L'Europe de l'Est au Moyen Âge: quoi, où, quand

Par Alice Isabella Sullivan

Tout au long de la période médiévale, l'Europe de l'Est s'est trouvée au carrefour de différentes traditions - parmi lesquelles latines, grecques, slaves et islamiques - qui ont informé les développements politiques, militaires, économiques, culturels et artistiques locaux. Alors que l'Occident médiéval a établi ses bases dans l'érudition et l'imagination populaire, on en sait relativement peu sur les pays, les peuples, les cultures et les histoires de l'Europe de l'Est au Moyen Âge en dehors des communautés locales et des cercles de spécialistes universitaires.

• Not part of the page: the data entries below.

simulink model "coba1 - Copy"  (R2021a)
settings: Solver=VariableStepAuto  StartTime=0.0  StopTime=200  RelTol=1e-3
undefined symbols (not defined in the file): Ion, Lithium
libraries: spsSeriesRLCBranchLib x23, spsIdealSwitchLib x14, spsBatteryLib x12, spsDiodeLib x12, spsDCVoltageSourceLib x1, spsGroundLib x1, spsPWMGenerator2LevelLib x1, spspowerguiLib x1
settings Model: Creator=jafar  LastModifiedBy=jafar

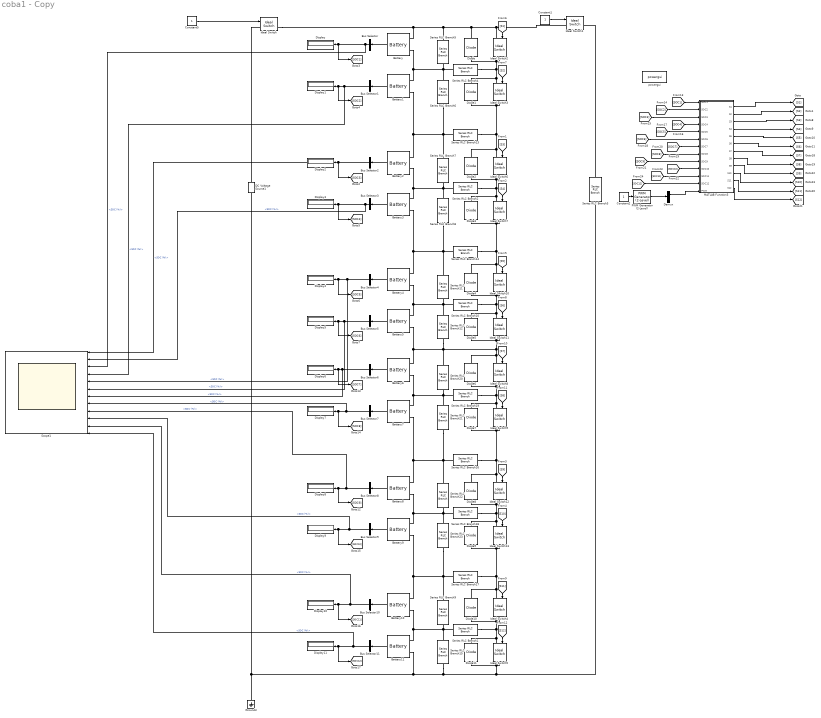
== system coba1 - Copy ==
  Battery : spsBatteryLib/Battery  BatType=Lithium-Ion  ShowTempParam=off  ThermalPreset=no  ShowAgeParam=off  NomV=3.7  NomQ=5.4  SOC=20  Batt_Tr=30  PresetModel=on  MaxQ=5.4  MinV=2.775  FullV=4.3068  Dis_rate=2.3478  R=0.0068519  Normal_OP=4.8835  expZone="[3.9974      0.2653]"  current=[6.5 13 32.5]  Units=Time  Tci=20  NomT=20  T2=-30  MaxQ2=4.8  FullV2=7.1  Normal_OP2=5.655  expZone2="[6.58           1]"  Rca=0.6  ti=2000  Dp=0  Neq0=0  Tsim=1e6  Ta1=25  Qeol=5.4*0.9  Reol=0.013333*1.2  Char_age=[2.3478, 3]  Dis_age=[2.3478, 10]  N1=1500  N2=10500  N3=1000  N4=1400  Ta2=45  N5=950
  Battery1 : spsBatteryLib/Battery  BatType=Lithium-Ion  ShowTempParam=off  ThermalPreset=no  ShowAgeParam=off  NomV=3.7  NomQ=5.4  SOC=30  Batt_Tr=30  PresetModel=on  MaxQ=5.4  MinV=2.775  FullV=4.3068  Dis_rate=2.3478  R=0.0068519  Normal_OP=4.8835  expZone="[3.9974      0.2653]"  current=[6.5 13 32.5]  Units=Time  Tci=20  NomT=20  T2=-30  MaxQ2=4.8  FullV2=7.1  Normal_OP2=5.655  expZone2="[6.58           1]"  Rca=0.6  ti=2000  Dp=0  Neq0=0  Tsim=1e6  Ta1=25  Qeol=5.4*0.9  Reol=0.013333*1.2  Char_age=[2.3478, 3]  Dis_age=[2.3478, 10]  N1=1500  N2=10500  N3=1000  N4=1400  Ta2=45  N5=950
  Battery10 : spsBatteryLib/Battery  BatType=Lithium-Ion  ShowTempParam=off  ThermalPreset=no  ShowAgeParam=off  NomV=3.7  NomQ=5.4  SOC=10  Batt_Tr=30  PresetModel=on  MaxQ=5.4  MinV=2.775  FullV=4.3068  Dis_rate=2.3478  R=0.0068519  Normal_OP=4.8835  expZone="[3.9974      0.2653]"  current=[6.5 13 32.5]  Units=Time  Tci=20  NomT=20  T2=-30  MaxQ2=4.8  FullV2=7.1  Normal_OP2=5.655  expZone2="[6.58           1]"  Rca=0.6  ti=2000  Dp=0  Neq0=0  Tsim=1e6  Ta1=25  Qeol=5.4*0.9  Reol=0.013333*1.2  Char_age=[2.3478, 3]  Dis_age=[2.3478, 10]  N1=1500  N2=10500  N3=1000  N4=1400  Ta2=45  N5=950
  Battery11 : spsBatteryLib/Battery  BatType=Lithium-Ion  ShowTempParam=off  ThermalPreset=no  ShowAgeParam=off  NomV=3.7  NomQ=5.4  SOC=0  Batt_Tr=30  PresetModel=on  MaxQ=5.4  MinV=2.775  FullV=4.3068  Dis_rate=2.3478  R=0.0068519  Normal_OP=4.8835  expZone="[3.9974      0.2653]"  current=[6.5 13 32.5]  Units=Time  Tci=20  NomT=20  T2=-30  MaxQ2=4.8  FullV2=7.1  Normal_OP2=5.655  expZone2="[6.58           1]"  Rca=0.6  ti=2000  Dp=0  Neq0=0  Tsim=1e6  Ta1=25  Qeol=5.4*0.9  Reol=0.013333*1.2  Char_age=[2.3478, 3]  Dis_age=[2.3478, 10]  N1=1500  N2=10500  N3=1000  N4=1400  Ta2=45  N5=950
  Battery2 : spsBatteryLib/Battery  BatType=Lithium-Ion  ShowTempParam=off  ThermalPreset=no  ShowAgeParam=off  NomV=3.7  NomQ=5.4  SOC=40  Batt_Tr=30  PresetModel=on  MaxQ=5.4  MinV=2.775  FullV=4.3068  Dis_rate=2.3478  R=0.0068519  Normal_OP=4.8835  expZone="[3.9974      0.2653]"  current=[6.5 13 32.5]  Units=Time  Tci=20  NomT=20  T2=-30  MaxQ2=4.8  FullV2=7.1  Normal_OP2=5.655  expZone2="[6.58           1]"  Rca=0.6  ti=2000  Dp=0  Neq0=0  Tsim=1e6  Ta1=25  Qeol=5.4*0.9  Reol=0.013333*1.2  Char_age=[2.3478, 3]  Dis_age=[2.3478, 10]  N1=1500  N2=10500  N3=1000  N4=1400  Ta2=45  N5=950
  Battery3 : spsBatteryLib/Battery  BatType=Lithium-Ion  ShowTempParam=off  ThermalPreset=no  ShowAgeParam=off  NomV=3.7  NomQ=5.4  SOC=50  Batt_Tr=30  PresetModel=on  MaxQ=5.4  MinV=2.775  FullV=4.3068  Dis_rate=2.3478  R=0.0068519  Normal_OP=4.8835  expZone="[3.9974      0.2653]"  current=[6.5 13 32.5]  Units=Time  Tci=20  NomT=20  T2=-30  MaxQ2=4.8  FullV2=7.1  Normal_OP2=5.655  expZone2="[6.58           1]"  Rca=0.6  ti=2000  Dp=0  Neq0=0  Tsim=1e6  Ta1=25  Qeol=5.4*0.9  Reol=0.013333*1.2  Char_age=[2.3478, 3]  Dis_age=[2.3478, 10]  N1=1500  N2=10500  N3=1000  N4=1400  Ta2=45  N5=950
  Battery4 : spsBatteryLib/Battery  BatType=Lithium-Ion  ShowTempParam=off  ThermalPreset=no  ShowAgeParam=off  NomV=3.7  NomQ=5.4  SOC=60  Batt_Tr=30  PresetModel=on  MaxQ=5.4  MinV=2.775  FullV=4.3068  Dis_rate=2.3478  R=0.0068519  Normal_OP=4.8835  expZone="[3.9974      0.2653]"  current=[6.5 13 32.5]  Units=Time  Tci=20  NomT=20  T2=-30  MaxQ2=4.8  FullV2=7.1  Normal_OP2=5.655  expZone2="[6.58           1]"  Rca=0.6  ti=2000  Dp=0  Neq0=0  Tsim=1e6  Ta1=25  Qeol=5.4*0.9  Reol=0.013333*1.2  Char_age=[2.3478, 3]  Dis_age=[2.3478, 10]  N1=1500  N2=10500  N3=1000  N4=1400  Ta2=45  N5=950
  Battery5 : spsBatteryLib/Battery  BatType=Lithium-Ion  ShowTempParam=off  ThermalPreset=no  ShowAgeParam=off  NomV=3.7  NomQ=5.4  SOC=70  Batt_Tr=30  PresetModel=on  MaxQ=5.4  MinV=2.775  FullV=4.3068  Dis_rate=2.3478  R=0.0068519  Normal_OP=4.8835  expZone="[3.9974      0.2653]"  current=[6.5 13 32.5]  Units=Time  Tci=20  NomT=20  T2=-30  MaxQ2=4.8  FullV2=7.1  Normal_OP2=5.655  expZone2="[6.58           1]"  Rca=0.6  ti=2000  Dp=0  Neq0=0  Tsim=1e6  Ta1=25  Qeol=5.4*0.9  Reol=0.013333*1.2  Char_age=[2.3478, 3]  Dis_age=[2.3478, 10]  N1=1500  N2=10500  N3=1000  N4=1400  Ta2=45  N5=950
  Battery6 : spsBatteryLib/Battery  BatType=Lithium-Ion  ShowTempParam=off  ThermalPreset=no  ShowAgeParam=off  NomV=3.7  NomQ=5.4  SOC=35  Batt_Tr=30  PresetModel=on  MaxQ=5.4  MinV=2.775  FullV=4.3068  Dis_rate=2.3478  R=0.0068519  Normal_OP=4.8835  expZone="[3.9974      0.2653]"  current=[6.5 13 32.5]  Units=Time  Tci=20  NomT=20  T2=-30  MaxQ2=4.8  FullV2=7.1  Normal_OP2=5.655  expZone2="[6.58           1]"  Rca=0.6  ti=2000  Dp=0  Neq0=0  Tsim=1e6  Ta1=25  Qeol=5.4*0.9  Reol=0.013333*1.2  Char_age=[2.3478, 3]  Dis_age=[2.3478, 10]  N1=1500  N2=10500  N3=1000  N4=1400  Ta2=45  N5=950
  Battery7 : spsBatteryLib/Battery  BatType=Lithium-Ion  ShowTempParam=off  ThermalPreset=no  ShowAgeParam=off  NomV=3.7  NomQ=5.4  SOC=45  Batt_Tr=30  PresetModel=on  MaxQ=5.4  MinV=2.775  FullV=4.3068  Dis_rate=2.3478  R=0.0068519  Normal_OP=4.8835  expZone="[3.9974      0.2653]"  current=[6.5 13 32.5]  Units=Time  Tci=20  NomT=20  T2=-30  MaxQ2=4.8  FullV2=7.1  Normal_OP2=5.655  expZone2="[6.58           1]"  Rca=0.6  ti=2000  Dp=0  Neq0=0  Tsim=1e6  Ta1=25  Qeol=5.4*0.9  Reol=0.013333*1.2  Char_age=[2.3478, 3]  Dis_age=[2.3478, 10]  N1=1500  N2=10500  N3=1000  N4=1400  Ta2=45  N5=950
  Battery8 : spsBatteryLib/Battery  BatType=Lithium-Ion  ShowTempParam=off  ThermalPreset=no  ShowAgeParam=off  NomV=3.7  NomQ=5.4  SOC=30  Batt_Tr=30  PresetModel=on  MaxQ=5.4  MinV=2.775  FullV=4.3068  Dis_rate=2.3478  R=0.0068519  Normal_OP=4.8835  expZone="[3.9974      0.2653]"  current=[6.5 13 32.5]  Units=Time  Tci=20  NomT=20  T2=-30  MaxQ2=4.8  FullV2=7.1  Normal_OP2=5.655  expZone2="[6.58           1]"  Rca=0.6  ti=2000  Dp=0  Neq0=0  Tsim=1e6  Ta1=25  Qeol=5.4*0.9  Reol=0.013333*1.2  Char_age=[2.3478, 3]  Dis_age=[2.3478, 10]  N1=1500  N2=10500  N3=1000  N4=1400  Ta2=45  N5=950
  Battery9 : spsBatteryLib/Battery  BatType=Lithium-Ion  ShowTempParam=off  ThermalPreset=no  ShowAgeParam=off  NomV=3.7  NomQ=5.4  SOC=20  Batt_Tr=30  PresetModel=on  MaxQ=5.4  MinV=2.775  FullV=4.3068  Dis_rate=2.3478  R=0.0068519  Normal_OP=4.8835  expZone="[3.9974      0.2653]"  current=[6.5 13 32.5]  Units=Time  Tci=20  NomT=20  T2=-30  MaxQ2=4.8  FullV2=7.1  Normal_OP2=5.655  expZone2="[6.58           1]"  Rca=0.6  ti=2000  Dp=0  Neq0=0  Tsim=1e6  Ta1=25  Qeol=5.4*0.9  Reol=0.013333*1.2  Char_age=[2.3478, 3]  Dis_age=[2.3478, 10]  N1=1500  N2=10500  N3=1000  N4=1400  Ta2=45  N5=950
  Bus Selector{,1..11} (12 alike) : BusSelector  OutputSignals=SOC (%)
  Constant1 : Constant
  Constant2 : Constant
  Constant5 : Constant
  DC Voltage Source1 : spsDCVoltageSourceLib/DC Voltage Source  Amplitude=72  Measurements=None
  Demux : Demux  Outputs=2
  Diode{,1..11} (12 alike) : spsDiodeLib/Diode  Ron=0.001  Lon=0  Vf=0.8  IC=0  UseSnubber=0  Rs=500  Cs=250e-9  Measurements=off
  Display{,1..11} (12 alike) : Display
  Ground3 : spsGroundLib/Ground  LConnTagsString=a
  Ideal Switch : spsIdealSwitchLib/Ideal Switch  Ron=0.001  Lon=0  IC=0  Rs=1e5  Cs=inf  Measurements=on
  Ideal Switch1 : spsIdealSwitchLib/Ideal Switch  Ron=0.001  Lon=0  IC=0  Rs=1e5  Cs=inf  Measurements=on
  Ideal Switch{2..13} (12 alike) : spsIdealSwitchLib/Ideal Switch  Ron=0.001  Lon=0  IC=0  Rs=1e5  Cs=inf  Measurements=off
  MATLAB Function3 : MATLAB Function  TreatAsAtomicUnit=on
  PWM Generator (2-Level) : spsPWMGenerator2LevelLib/PWM Generator (2-Level)  ModulatorType=Single-phase half-bridge (2 pulses)  ModulatorMode=Unsynchronized  Fc=500  Pc=0  nF=27  MinMax="[ -1  1 ]"  SamplingTechnique=Natural  ModulatingSignals=off  m=0.8  Freq=60  Phase=0  Ts=0  ShowCarrierOutport=off
  Scope1 : Scope  NumInputPorts=12
  Series RLC Branch{1..2,4,10,13..14,16..19} (10 alike) : spsSeriesRLCBranchLib/Series RLC Branch  LConnTagsString=__new0  RConnTagsString=__new0  BranchType=L  Resistance=1  Inductance=1e-3  SetiL0=off  InitialCurrent=0  Capacitance=1e-6  Setx0=off  InitialVoltage=0  Measurements=None
  Series RLC Branch{5..9,11..12,15,20..23} (12 alike) : spsSeriesRLCBranchLib/Series RLC Branch  LConnTagsString=__new0  RConnTagsString=__new0  BranchType=C  Resistance=1  Inductance=1e-3  SetiL0=off  InitialCurrent=0  Capacitance=1e-6  Setx0=off  InitialVoltage=0  Measurements=None
  Series RLC Branch3 : spsSeriesRLCBranchLib/Series RLC Branch  LConnTagsString=__new0  RConnTagsString=__new0  BranchType=R  Resistance=1  Inductance=1e-3  SetiL0=off  InitialCurrent=0  Capacitance=1e-6  Setx0=off  InitialVoltage=0  Measurements=None
  powergui : spspowerguiLib/powergui  Priority=1  SimulationMode=Discrete  SampleTime=50e-5  frequency=60  Iterations=50  frequencyindice=0  Pbase=100e6  ErrMax=1e-4  UnitsV=kV  UnitsW=MW  buscounter=0  FunctionMessages=off  echomessages=off  EnableUseOfTLC=off  CurrentSourceSwitches=off  DisableSnubberDevices=off  DisableRonSwitches=off  DisableVfSwitches=off  DisplayEquations=off  AutomaticDiscreteSolvers=off  SolverType=Tustin/Backward Euler (TBE)  Interpol=off  ExternalGateDelay=off  methode=off  Ts=100  x0status=blocks  SPID=on  SwTol=0  HookPort=off  NonlinearTolerance=1e-4  nMaxIteration=100  ContinueOnMaxIteration=off  RestoreLinks=warning  ResistiveCurrentMeasurement=off  Frange=[0:2:500]  Ylog=off  Xlog=on  ShowGrid=off  save=off  variable=ZData  structure=0  ZoomFFT=off  StartTime=0.0  cycles=1  DisplayStyle=1  fundamental=60  FreqAxis=off  MaxFrequency=1000  frequencyindicesteady=1  RmsSteady=1  display=off
  wires:
  MATLAB Function3/5(S5) -> [S5]
  [S1] -> Ideal Switch2/1
  Bus Selector/1 -> Scope1/3, [SOC1], Display/1  "<SOC (%)>"
  Bus Selector4/1 -> Scope1/5, [SOC5], Display4/1  "<SOC (%)>"
  MATLAB Function3/6(S6) -> [S6]
  Battery2/1 -> Bus Selector2/1
  MATLAB Function3/3(S3) -> [S3]
  [S5] -> Ideal Switch10/1
  MATLAB Function3/4(S4) -> [S4]
  Battery4/1 -> Bus Selector4/1
  Battery5/1 -> Bus Selector5/1
  Bus Selector3/1 -> Scope1/2, [SOC4], Display3/1  "<SOC (%)>"
  Bus Selector5/1 -> Scope1/6, [SOC6], Display5/1  "<SOC (%)>"
  [S4] -> Ideal Switch7/1
  [S6] -> Ideal Switch11/1
  Constant5/1 -> Ideal Switch/1
  Bus Selector1/1 -> Scope1/4, [SOC2], Display1/1  "<SOC (%)>"
  Constant1/1 -> Ideal Switch1/1
  Battery3/1 -> Bus Selector3/1
  [S3] -> Ideal Switch6/1
  Bus Selector2/1 -> Scope1/1, [SOC3], Display2/1  "<SOC (%)>"
  [S2] -> Ideal Switch3/1
  Battery/1 -> Bus Selector/1
  MATLAB Function3/1(S1) -> [S1]
  Battery1/1 -> Bus Selector1/1
  MATLAB Function3/2(S2) -> [S2]
  [SOC1] -> MATLAB Function3/1(SOC1)
  [SOC2] -> MATLAB Function3/2(SOC2)
  [SOC3] -> MATLAB Function3/3(SOC3)
  [SOC4] -> MATLAB Function3/4(SOC4)
  [SOC5] -> MATLAB Function3/5(SOC5)
  [SOC6] -> MATLAB Function3/6(SOC6)
  PWM Generator (2-Level)/1 -> Demux/1
  Constant2/1 -> PWM Generator (2-Level)/1
  Demux/1 -> MATLAB Function3/13(PWM)
  Bus Selector11/1 -> Scope1/12, [SOC12], Display11/1  "<SOC (%)>"
  [S12] -> Ideal Switch5/1
  Bus Selector8/1 -> Scope1/9, [SOC9], Display8/1  "<SOC (%)>"
  Bus Selector6/1 -> Scope1/7, [SOC7], Display6/1  "<SOC (%)>"
  Battery6/1 -> Bus Selector6/1
  [S8] -> Ideal Switch9/1
  Battery7/1 -> Bus Selector7/1
  Battery10/1 -> Bus Selector10/1
  Bus Selector9/1 -> Scope1/10, [SOC10], Display9/1  "<SOC (%)>"
  Bus Selector10/1 -> Scope1/11, [SOC11], Display10/1  "<SOC (%)>"
  [S7] -> Ideal Switch8/1
  Battery8/1 -> Bus Selector8/1
  [S11] -> Ideal Switch4/1
  [S9] -> Ideal Switch12/1
  Bus Selector7/1 -> Scope1/8, [SOC8], Display7/1  "<SOC (%)>"
  Battery11/1 -> Bus Selector11/1
  Battery9/1 -> Bus Selector9/1
  [S10] -> Ideal Switch13/1
  [SOC12] -> MATLAB Function3/12(SOC12)
  [SOC8] -> MATLAB Function3/8(SOC8)
  [SOC11] -> MATLAB Function3/11(SOC11)
  [SOC9] -> MATLAB Function3/9(SOC9)
  [SOC7] -> MATLAB Function3/7(SOC7)
  [SOC10] -> MATLAB Function3/10(SOC10)
  MATLAB Function3/10(S10) -> [S10]
  MATLAB Function3/11(S11) -> [S11]
  MATLAB Function3/9(S9) -> [S9]
  MATLAB Function3/8(S8) -> [S8]
  MATLAB Function3/12(S12) -> [S12]
  MATLAB Function3/7(S7) -> [S7]
  connections:
  Diode1/LConn1 -- Diode2/RConn1 -- Ideal Switch6/LConn1 -- Series RLC Branch13/RConn1 -- Ideal Switch3/RConn1
  Battery5/LConn2 -- Battery6/LConn1 -- Series RLC Branch20/LConn1 -- Series RLC Branch12/RConn1 -- Diode6/RConn1 -- Ideal Switch8/LConn1 -- Ideal Switch11/RConn1 -- Diode5/LConn1
  Series RLC Branch2/LConn1 -- Series RLC Branch8/LConn1 -- Series RLC Branch7/RConn1 -- Battery3/LConn1 -- Battery2/LConn2
  Diode4/LConn1 -- Ideal Switch11/LConn1 -- Diode5/RConn1 -- Series RLC Branch10/RConn1 -- Ideal Switch10/RConn1
  Diode/RConn1 -- Ideal Switch2/LConn1 -- Ideal Switch1/LConn1 -- Battery/LConn1 -- Ideal Switch/RConn1 -- Series RLC Branch5/LConn1
  Series RLC Branch2/RConn1 -- Ideal Switch7/LConn1 -- Diode3/RConn1 -- Ideal Switch6/RConn1 -- Diode2/LConn1
  Series RLC Branch4/LConn1 -- Battery/LConn2 -- Battery1/LConn1 -- Series RLC Branch6/LConn1 -- Series RLC Branch5/RConn1
  Ideal Switch3/LConn1 -- Ideal Switch2/RConn1 -- Diode/LConn1 -- Series RLC Branch4/RConn1 -- Diode1/RConn1
  Series RLC Branch10/LConn1 -- Series RLC Branch12/LConn1 -- Series RLC Branch11/RConn1 -- Battery5/LConn1 -- Battery4/LConn2
  Series RLC Branch3/LConn1 -- Ideal Switch1/RConn1
  Ideal Switch/LConn1 -- DC Voltage Source1/RConn1
  Series RLC Branch7/LConn1 -- Series RLC Branch6/RConn1 -- Battery1/LConn2 -- Battery2/LConn1 -- Series RLC Branch13/LConn1
  Battery3/LConn2 -- Series RLC Branch14/LConn1 -- Series RLC Branch11/LConn1 -- Series RLC Branch8/RConn1 -- Battery4/LConn1
  Ideal Switch7/RConn1 -- Series RLC Branch14/RConn1 -- Diode4/RConn1 -- Ideal Switch10/LConn1 -- Diode3/LConn1
  Series RLC Branch20/RConn1 -- Series RLC Branch19/LConn1 -- Battery6/LConn2 -- Battery7/LConn1 -- Series RLC Branch21/LConn1
  Diode9/LConn1 -- Ideal Switch13/RConn1 -- Series RLC Branch17/RConn1 -- Diode10/RConn1 -- Ideal Switch4/LConn1
  Series RLC Branch16/LConn1 -- Series RLC Branch22/LConn1 -- Series RLC Branch21/RConn1 -- Battery7/LConn2 -- Battery8/LConn1
  Diode11/RConn1 -- Diode10/LConn1 -- Ideal Switch4/RConn1 -- Series RLC Branch1/RConn1 -- Ideal Switch5/LConn1
  Series RLC Branch23/RConn1 -- Battery9/LConn2 -- Battery10/LConn1 -- Series RLC Branch17/LConn1 -- Series RLC Branch9/LConn1
  Battery8/LConn2 -- Series RLC Branch18/LConn1 -- Series RLC Branch23/LConn1 -- Series RLC Branch22/RConn1 -- Battery9/LConn1
  Battery10/LConn2 -- Battery11/LConn1 -- Series RLC Branch1/LConn1 -- Series RLC Branch15/LConn1 -- Series RLC Branch9/RConn1
  Diode9/RConn1 -- Series RLC Branch18/RConn1 -- Ideal Switch12/RConn1 -- Diode8/LConn1 -- Ideal Switch13/LConn1
  Diode7/RConn1 -- Ideal Switch9/LConn1 -- Ideal Switch8/RConn1 -- Diode6/LConn1 -- Series RLC Branch19/RConn1
  Series RLC Branch16/RConn1 -- Diode7/LConn1 -- Ideal Switch9/RConn1 -- Diode8/RConn1 -- Ideal Switch12/LConn1
  Diode11/LConn1 -- Ideal Switch5/RConn1 -- Series RLC Branch3/RConn1 -- Battery11/LConn2 -- DC Voltage Source1/LConn1 -- Ground3/LConn1 -- Series RLC Branch15/RConn1

== matlab function coba1 - Copy/MATLAB Function3 ==
  data: SOC1 input; S1 output; SOC2 input; SOC3 input; SOC4 input; SOC5 input; SOC6 input; SOC7 input; SOC8 input; SOC9 input; SOC10 input; SOC11 input; SOC12 input; S2 output; S3 output; S4 output; S5 output; S6 output; PWM input; S7 output; S8 output; S9 output; S10 output; S11 output; S12 output
function [S1, S2, S3, S4, S5, S6, S7, S8, S9, S10, S11, S12] = fcn(SOC1, SOC2, SOC3, SOC4, SOC5, SOC6, SOC7, SOC8, SOC9, SOC10, SOC11, SOC12, PWM)
    datas = [SOC1, SOC2, SOC3, SOC4, SOC5, SOC6, SOC7, SOC8, SOC9, SOC10, SOC11, SOC12];
    output = zeros(size(datas));
    rata_rata = mean(datas);
    
    for i = 1:length(datas)
        if datas(i) > rata_rata
            output(i) = PWM;
        else
            output(i) = 0;
        end
    end
    
    S1 = output(1);
    S2 = output(2);
    S3 = output(3);
    S4 = output(4);
    S5 = output(5);
    S6 = output(6);
    S7 = output(7);
    S8 = output(8);
    S9 = output(9);
    S10 = output(10);
    S11 = output(11);
    S12 = output(12);
end

Les incohérences dans la définition de ce qu'est réellement l'Europe de l'Est, ou l'Europe du Sud-Est, ou l'Europe centrale, ou l'Europe du centre-est à un moment donné ont été responsables de la marginalisation de ces terres. Parfois, certaines régions de la péninsule balkanique, des montagnes des Carpates et plus au nord ont été incluses dans les géographies et les conversations; à d'autres moments, ils ont été exclus et ignorés complètement. Pendant une grande partie de la période médiévale, les territoires d'Europe de l'Est - comme les royaumes hongrois et polono-lituaniens, les principautés de Valachie, de Moldavie et de Transylvanie autour des montagnes des Carpates (qui formèrent plus tard le pays de la Roumanie moderne), les puissances de Kievan Rus ' , La Moscovie, la Serbie et la Bulgarie - ont connu des frontières politiques changeantes qui compliquent le tableau.

Aujourd'hui, ces terres sont situées dans de nombreux pays différents, chacun avec sa propre langue et ses propres coutumes. L'histoire est changeante et complexe mais aussi enrichissante et pourrait offrir beaucoup à notre compréhension de l'interdépendance du monde médiéval et des différentes traditions qui ont contribué au développement des coutumes locales.

Les spécificités de chaque région qui constitue l'Europe de l'Est et, à l'époque moderne, la politique et les approches nationalistes, ont renforcé les tendances à les traiter séparément, empêchant les chercheurs de se demander si des aspects des développements locaux pouvaient être considérés comme des expressions d'histoires partagées. Pendant une grande partie du XXe siècle, les agendas idéologiques, les préjugés dans l’écriture historique et les difficultés d’accès physique et intellectuel à l’Europe de l’Est ont contribué à ce problème.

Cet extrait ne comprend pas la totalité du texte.